How to Choose the Right Dewatering Equipment
When selecting a dewatering system, consider:
Material Characteristics
Particle size distribution
Clay content
Slurry concentration
Solid density
Production Capacity
Large-capacity plants generally benefit from combining multiple dewatering technologies.
Moisture Requirements
If low final moisture is critical, a filter press is usually the best choice.
Environmental Regulations
Dry stack tailings systems increasingly require filter presses to minimize environmental impact.
Budget
Balance initial investment with long-term operating and disposal costs.
Can These Machines Be Used Together?
Yes. In fact, many modern processing plants combine all three systems to maximize efficiency.
A typical process may follow this sequence:
Dewatering Screen – Removes free water from coarse sand.

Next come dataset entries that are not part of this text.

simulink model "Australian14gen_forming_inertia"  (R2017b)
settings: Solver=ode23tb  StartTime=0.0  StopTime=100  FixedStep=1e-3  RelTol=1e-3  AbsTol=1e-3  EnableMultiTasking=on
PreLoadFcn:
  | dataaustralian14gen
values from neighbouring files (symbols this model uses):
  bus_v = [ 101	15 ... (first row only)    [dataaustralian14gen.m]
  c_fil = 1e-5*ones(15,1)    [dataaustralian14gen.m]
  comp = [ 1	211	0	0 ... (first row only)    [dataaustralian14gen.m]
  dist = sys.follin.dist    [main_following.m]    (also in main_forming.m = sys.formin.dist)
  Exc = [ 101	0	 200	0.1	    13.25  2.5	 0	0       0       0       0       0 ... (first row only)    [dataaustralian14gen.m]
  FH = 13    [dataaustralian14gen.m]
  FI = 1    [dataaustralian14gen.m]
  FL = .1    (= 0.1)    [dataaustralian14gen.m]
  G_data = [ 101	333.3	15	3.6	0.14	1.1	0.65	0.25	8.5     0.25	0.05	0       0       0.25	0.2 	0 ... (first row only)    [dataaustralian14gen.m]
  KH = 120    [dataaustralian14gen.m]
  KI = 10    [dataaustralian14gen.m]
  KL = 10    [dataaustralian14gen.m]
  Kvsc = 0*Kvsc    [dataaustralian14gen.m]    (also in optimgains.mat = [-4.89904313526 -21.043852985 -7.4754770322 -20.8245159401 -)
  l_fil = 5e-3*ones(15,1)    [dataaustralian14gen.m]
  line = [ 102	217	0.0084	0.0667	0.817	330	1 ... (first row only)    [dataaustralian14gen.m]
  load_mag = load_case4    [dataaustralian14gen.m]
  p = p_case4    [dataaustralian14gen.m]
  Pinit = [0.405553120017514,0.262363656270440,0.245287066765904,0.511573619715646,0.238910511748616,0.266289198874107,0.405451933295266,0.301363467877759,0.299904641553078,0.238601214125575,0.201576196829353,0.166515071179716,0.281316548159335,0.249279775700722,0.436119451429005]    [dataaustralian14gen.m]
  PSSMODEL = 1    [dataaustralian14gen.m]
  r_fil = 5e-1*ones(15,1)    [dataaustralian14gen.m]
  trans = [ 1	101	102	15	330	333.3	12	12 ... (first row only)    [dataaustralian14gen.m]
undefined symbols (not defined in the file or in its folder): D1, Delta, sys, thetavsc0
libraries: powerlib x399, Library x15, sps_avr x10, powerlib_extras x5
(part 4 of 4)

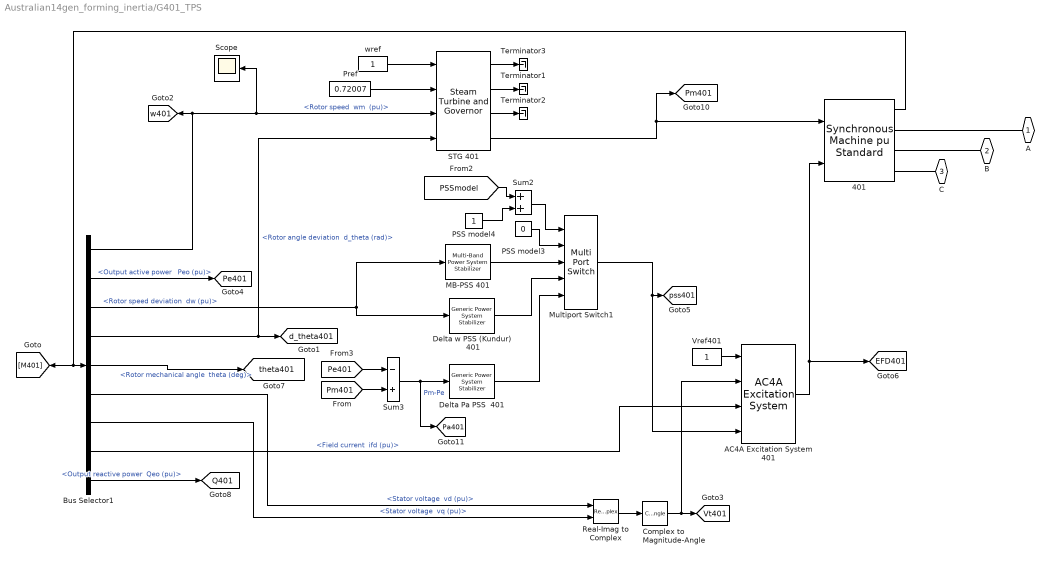
== system Australian14gen_forming_inertia/G401_TPS ==
  401 : powerlib/Machines/Synchronous Machine pu Standard  PresetModel=No  MechanicalLoad=Mechanical power Pm  ShowDetailedParameters=on  RotorType=Round  Units=per unit standard parameters  MeasurementBus=off  NominalParameters="[G_data(8,2)*1E6  G_data(8,3)*1E3  50]"  Reactances1=[G_data(8,6),G_data(8,8),G_data(8,10),G_data(8,7),G_data(8,12),G_data(8,14),G_data(8,5)]  Reactances2=[G_data(8,6),G_data(8,8),G_data(8,10),G_data(8,7),G_data(8,14),G_data(8,5)]  dAxisTimeConstants=Open-circuit  qAxisTimeConstants=Open-circuit  TimeConstants1="[G_data(8,9)  G_data(8,11)  G_data(8,15)]"  TimeConstants2="[G_data(8,9)  G_data(8,11)  G_data(8,13)  G_data(8,15)]"  TimeConstants3="[  5.9  0.033  0.023  ]"  TimeConstants4=[ 8.0, 0.03, 0.3371, 0.0295 ]  TimeConstants5=[ 1.01, 0.053, 0.1 ]  TimeConstants6=[ 1.3201, 0.023, 1.0, 0.07 ]  TimeConstants7="[  1.01  0.053  0.051266  ]"  TimeConstants8=[ 1.3201, 0.0231, 0.3371, 0.0295 ]  StatorResistance=0  Mechanical="[ G_data(8,4) 0  4 ]"  PolePairs=4  InitialConditions=[0 -57.8039 0.721852 0.721852 0.721852 -17.036 -137.036 102.964 1.85565]  SetSaturation=off  Saturation=[0.6404,0.7127,0.8441,0.9214,0.9956,1.082,1.19,1.316,1.457;0.7,0.7698,0.8872,0.9466,0.9969,1.046,1.1,1.151,1.201]  LoadFlowParameters=[1 960000000 20000 0 0]  TsPowergui=0  TsBlock=-1  IterativeModel=Forward Euler  IterativeDiscreteModel=Trapezoidal non iterative  BusType=PV  Pref=p(8,3)*1e6  Qref=0  Qmin=-inf  Qmax=inf  PLF=0  QLF=0
      settings: SourceProductName=Simscape Power Systems
  AC4A Excitation System 401 : sps_avr/AC4A Excitation System  Tr=Exc(8,2)  KaTa="[Exc(8,3)   Exc(8,4)]"  VIminmax=[-10 10]  VRminmax=[-4.53 5.64]  TbTc="[Exc(8,5)  Exc(8,6)]"  Kc=0  v0=[1 1.8556]  TsBlock=0
      settings: SourceProductName=Simscape Power Systems  SourceProductBaseCode=PS
  Bus Selector1 : BusSelector  OutputSignals="Mechanical.Rotor speed  wm  (pu),Output active power   Peo (pu),Mechanical.Rotor speed deviation  dw (pu),Mechanical.Rotor angle deviation  d_theta (rad),Mechanical.Rotor mechanical angle  theta (deg),dq0 components.Stator voltage  vd (pu),dq0 components.Stator voltage  vq (pu),dq0 components.Field current  ifd (pu),Output reactive power  Qeo (pu)"
  Complex to Magnitude-Angle : ComplexToMagnitudeAngle  Output=Magnitude
  Delta Pa PSS  401 : powerlib/Machines/Generic Power System Stabilizer  Tsensor=15e-3  K=2.5*1.25  Twashout=1  Tleadlag1=[60e-3 1]  Tleadlag2=[0 0]  VSlimits=[-0.15 0.15]  Vinit=0  Plot_On=off  MagdB_On=on  FreqRange=logspace(-2,2,500)
      settings: SourceProductName=Simscape Power Systems  SourceProductBaseCode=PS
  Delta w PSS (Kundur)  401 : powerlib/Machines/Generic Power System Stabilizer  Tsensor=15e-3  K=30  Twashout=10  Tleadlag1=[50e-3 20e-3]  Tleadlag2=[3 5.4]  VSlimits=[-0.15 0.15]  Vinit=0  Plot_On=off  MagdB_On=on  FreqRange=logspace(-2,2,500)
      settings: SourceProductName=Simscape Power Systems  SourceProductBaseCode=PS
  "MB-PSS 401 " : powerlib/Machines/Multi-Band Power System Stabilizer  OperationMode=Simplified settings  Kg=G  GL="[FL  KL]"  GI="[FI  KI]"  GH="[FH  KH]"  GLd=[66 66 9.4]  TcLF=[1.667 2 0 0 0 0 2 2.4 0 0 0 0 1 1]  GId=[66 66 47.6]  TcIF=[1 1 0.25 0.3 0 0 1 1 0.3 0.36 0 0 0 0]  GHd=[66 66 233]  TcHF="[0.01 0.012 0 0 0 0  0.012 0.0144 0 0 0 0 1 1]"  LIM=[.075 .15 .15 .15]  Plot_On=off  MagdB_On=off  FreqRange=logspace(-2,2,500)
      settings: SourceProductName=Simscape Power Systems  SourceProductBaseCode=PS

Thickener – Concentrates fine slurry and recovers process water.
Filter Press – Produces dry filter cake for final disposal or reuse.
This integrated approach improves water recovery, reduces waste volume, and lowers overall operating costs.
Selecting the Best Dewatering Solution for Your Plant
There is no single dewatering solution that fits every application. A dewatering screen is ideal for coarse sand and aggregate production, a thickener efficiently concentrates slurry while recovering water, and a filter press delivers the driest filter cake for tailings disposal.
For many mining and quarry operations, combining these technologies provides the best balance of productivity, water recovery, environmental compliance, and long-term operating costs. Evaluating material characteristics, production targets, and disposal requirements is the key to designing an efficient and sustainable dewatering system.